Hengki bukan satu-satunya orang yang menyayangkan hal tersebut. Bambang Hermanto – pemilik Sanggar Karawitan Indonesia (SKI) – juga menyayangkan hal yang sama. Meski saat ini ia berprofesi sebagai guru MAN Kota Batu, ia masih sering mengajar karawitan di sanggar miliknya. Tidak hanya mengajar, ia juga terkadang mengikuti pementasan dan juga bermusik bersama seniman musik jalanan.

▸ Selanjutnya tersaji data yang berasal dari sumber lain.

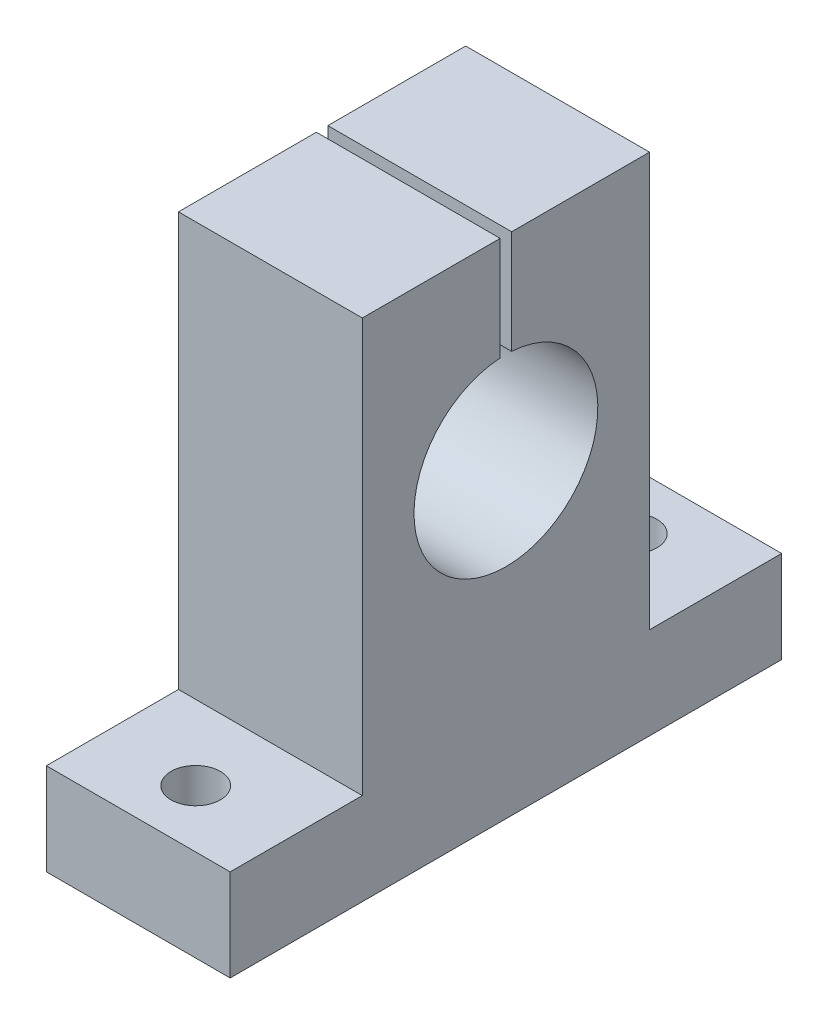
ISO-10303-21;
HEADER;
FILE_DESCRIPTION(('STEP AP214'),'2;1');
FILE_NAME('part.step','',(''),(''),'','','');
FILE_SCHEMA(('AUTOMOTIVE_DESIGN { 1 0 10303 214 1 1 1 1 }'));
ENDSEC;
DATA;
#1=APPLICATION_CONTEXT('core data for automotive mechanical design processes');
#2=APPLICATION_PROTOCOL_DEFINITION('international standard','automotive_design',2000,#1);
#3=PRODUCT_CONTEXT('',#1,'mechanical');
#4=PRODUCT('Part','Part','',(#3));
#5=PRODUCT_RELATED_PRODUCT_CATEGORY('part','',(#4));
#6=PRODUCT_DEFINITION_FORMATION('','',#4);
#7=PRODUCT_DEFINITION_CONTEXT('part definition',#1,'design');
#8=PRODUCT_DEFINITION('design','',#6,#7);
#9=PRODUCT_DEFINITION_SHAPE('','',#8);
#10=(LENGTH_UNIT() NAMED_UNIT(*) SI_UNIT(.MILLI.,.METRE.));
#11=(NAMED_UNIT(*) PLANE_ANGLE_UNIT() SI_UNIT($,.RADIAN.));
#12=(NAMED_UNIT(*) SI_UNIT($,.STERADIAN.) SOLID_ANGLE_UNIT());
#13=UNCERTAINTY_MEASURE_WITH_UNIT(LENGTH_MEASURE(1.E-05),#10,'distance_accuracy_value','');
#14=(GEOMETRIC_REPRESENTATION_CONTEXT(3) GLOBAL_UNCERTAINTY_ASSIGNED_CONTEXT((#13)) GLOBAL_UNIT_ASSIGNED_CONTEXT((#10,
#11,#12)) REPRESENTATION_CONTEXT('',''));
#15=CARTESIAN_POINT('',(0.,0.,0.));
#16=DIRECTION('',(0.,0.,1.));
#17=DIRECTION('',(1.,0.,0.));
#18=AXIS2_PLACEMENT_3D('',#15,#16,#17);
#19=CARTESIAN_POINT('',(16.,8.,24.));
#20=DIRECTION('',(0.,-1.,0.));
#21=DIRECTION('',(0.,0.,-1.));
#22=AXIS2_PLACEMENT_3D('',#19,#20,#21);
#23=PLANE('',#22);
#24=DIRECTION('',(0.,0.,1.));
#25=VECTOR('',#24,1.);
#26=CARTESIAN_POINT('',(0.,8.,24.));
#27=LINE('',#26,#25);
#28=CARTESIAN_POINT('',(0.,8.,12.5));
#29=VERTEX_POINT('',#28);
#30=CARTESIAN_POINT('',(0.,8.,24.));
#31=VERTEX_POINT('',#30);
#32=EDGE_CURVE('E100',#29,#31,#27,.T.);
#33=ORIENTED_EDGE('',*,*,#32,.T.);
#34=DIRECTION('',(-1.,0.,0.));
#35=VECTOR('',#34,1.);
#36=CARTESIAN_POINT('',(16.,8.,24.));
#37=LINE('',#36,#35);
#38=CARTESIAN_POINT('',(16.,8.,24.));
#39=VERTEX_POINT('',#38);
#40=EDGE_CURVE('E153',#39,#31,#37,.T.);
#41=ORIENTED_EDGE('',*,*,#40,.F.);
#42=DIRECTION('',(0.,0.,1.));
#43=VECTOR('',#42,1.);
#44=CARTESIAN_POINT('',(16.,8.,24.));
#45=LINE('',#44,#43);
#46=CARTESIAN_POINT('',(16.,8.,12.5));
#47=VERTEX_POINT('',#46);
#48=EDGE_CURVE('E53',#47,#39,#45,.T.);
#49=ORIENTED_EDGE('',*,*,#48,.F.);
#50=DIRECTION('',(-1.,0.,0.));
#51=VECTOR('',#50,1.);
#52=CARTESIAN_POINT('',(16.,8.,12.5));
#53=LINE('',#52,#51);
#54=EDGE_CURVE('E149',#47,#29,#53,.T.);
#55=ORIENTED_EDGE('',*,*,#54,.T.);
#56=EDGE_LOOP('',(#33,#41,#49,#55));
#57=FACE_BOUND('',#56,.T.);
#58=CARTESIAN_POINT('',(8.,8.,19.));
#59=DIRECTION('',(0.,1.,0.));
#60=DIRECTION('',(0.,0.,1.));
#61=AXIS2_PLACEMENT_3D('',#58,#59,#60);
#62=CIRCLE('',#61,2.14999999999999);
#63=CARTESIAN_POINT('',(8.,8.,21.15));
#64=VERTEX_POINT('',#63);
#65=EDGE_CURVE('E252',#64,#64,#62,.T.);
#66=ORIENTED_EDGE('',*,*,#65,.F.);
#67=EDGE_LOOP('',(#66));
#68=FACE_BOUND('',#67,.T.);
#69=ADVANCED_FACE('F36',(#57,#68),#23,.F.);
#70=CARTESIAN_POINT('',(16.,0.,24.));
#71=DIRECTION('',(0.,0.,-1.));
#72=DIRECTION('',(-1.,0.,0.));
#73=AXIS2_PLACEMENT_3D('',#70,#71,#72);
#74=PLANE('',#73);
#75=DIRECTION('',(0.,-1.,0.));
#76=VECTOR('',#75,1.);
#77=CARTESIAN_POINT('',(0.,0.,24.));
#78=LINE('',#77,#76);
#79=CARTESIAN_POINT('',(0.,0.,24.));
#80=VERTEX_POINT('',#79);
#81=EDGE_CURVE('E157',#31,#80,#78,.T.);
#82=ORIENTED_EDGE('',*,*,#81,.T.);
#83=DIRECTION('',(-1.,0.,0.));
#84=VECTOR('',#83,1.);
#85=CARTESIAN_POINT('',(16.,0.,24.));
#86=LINE('',#85,#84);
#87=CARTESIAN_POINT('',(16.,0.,24.));
#88=VERTEX_POINT('',#87);
#89=EDGE_CURVE('E11',#88,#80,#86,.T.);
#90=ORIENTED_EDGE('',*,*,#89,.F.);
#91=DIRECTION('',(0.,-1.,0.));
#92=VECTOR('',#91,1.);
#93=CARTESIAN_POINT('',(16.,0.,24.));
#94=LINE('',#93,#92);
#95=EDGE_CURVE('E180',#39,#88,#94,.T.);
#96=ORIENTED_EDGE('',*,*,#95,.F.);
#97=ORIENTED_EDGE('',*,*,#40,.T.);
#98=EDGE_LOOP('',(#82,#90,#96,#97));
#99=FACE_BOUND('',#98,.T.);
#100=ADVANCED_FACE('F38',(#99),#74,.F.);
#101=CARTESIAN_POINT('',(16.,0.,24.));
#102=DIRECTION('',(0.,1.,0.));
#103=DIRECTION('',(0.,0.,1.));
#104=AXIS2_PLACEMENT_3D('',#101,#102,#103);
#105=PLANE('',#104);
#106=CARTESIAN_POINT('',(8.,0.,-19.));
#107=DIRECTION('',(0.,1.,0.));
#108=DIRECTION('',(0.,0.,1.));
#109=AXIS2_PLACEMENT_3D('',#106,#107,#108);
#110=CIRCLE('',#109,2.15);
#111=CARTESIAN_POINT('',(8.,0.,-16.85));
#112=VERTEX_POINT('',#111);
#113=EDGE_CURVE('E254',#112,#112,#110,.T.);
#114=ORIENTED_EDGE('',*,*,#113,.T.);
#115=EDGE_LOOP('',(#114));
#116=FACE_BOUND('',#115,.T.);
#117=CARTESIAN_POINT('',(8.,0.,19.));
#118=DIRECTION('',(0.,1.,0.));
#119=DIRECTION('',(0.,0.,1.));
#120=AXIS2_PLACEMENT_3D('',#117,#118,#119);
#121=CIRCLE('',#120,2.15);
#122=CARTESIAN_POINT('',(8.,0.,21.15));
#123=VERTEX_POINT('',#122);
#124=EDGE_CURVE('E161',#123,#123,#121,.T.);
#125=ORIENTED_EDGE('',*,*,#124,.T.);
#126=EDGE_LOOP('',(#125));
#127=FACE_BOUND('',#126,.T.);
#128=DIRECTION('',(0.,0.,-1.));
#129=VECTOR('',#128,1.);
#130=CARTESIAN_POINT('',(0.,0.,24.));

Bambang sudah tertarik untuk mempelajari seni sejak ia masih duduk di bangku sekolah dasar. Berkat hasil didikan orang tuanya yang juga merupakan pelaku seni, ia tertarik untuk mendalami musik karawitan dan seni ukir pahat kayu ornamen Jepara.

Seperti yg kita ketahui, sekarang genre musik sudah berkembang dan makin beragam. Namun, Bambang masih merasa musik tradisional Jawa masih melekat dalam hatinya. Berkat usaha dan inovasinya, Bambang berinisiatif untuk mendirikan SKI yang bertujuan untung menampung anak generasi muda yang masih tertarik dengan musik dan kebudayaan Jawa.

Kepada saya, ia menceritakan ketertarikannya terhadap musik dan kebudayaan Jawa. “Sejak kecil, musik Jawa sudah tertanam di jiwa saya. Maka dari itu saya akan berusaha agar seni musik tradisional tetap berkembang hingga sampai kapanpun sebagai wujud melestarikan budaya yg adi luhung warisan nenek moyang kita” ungkapnya.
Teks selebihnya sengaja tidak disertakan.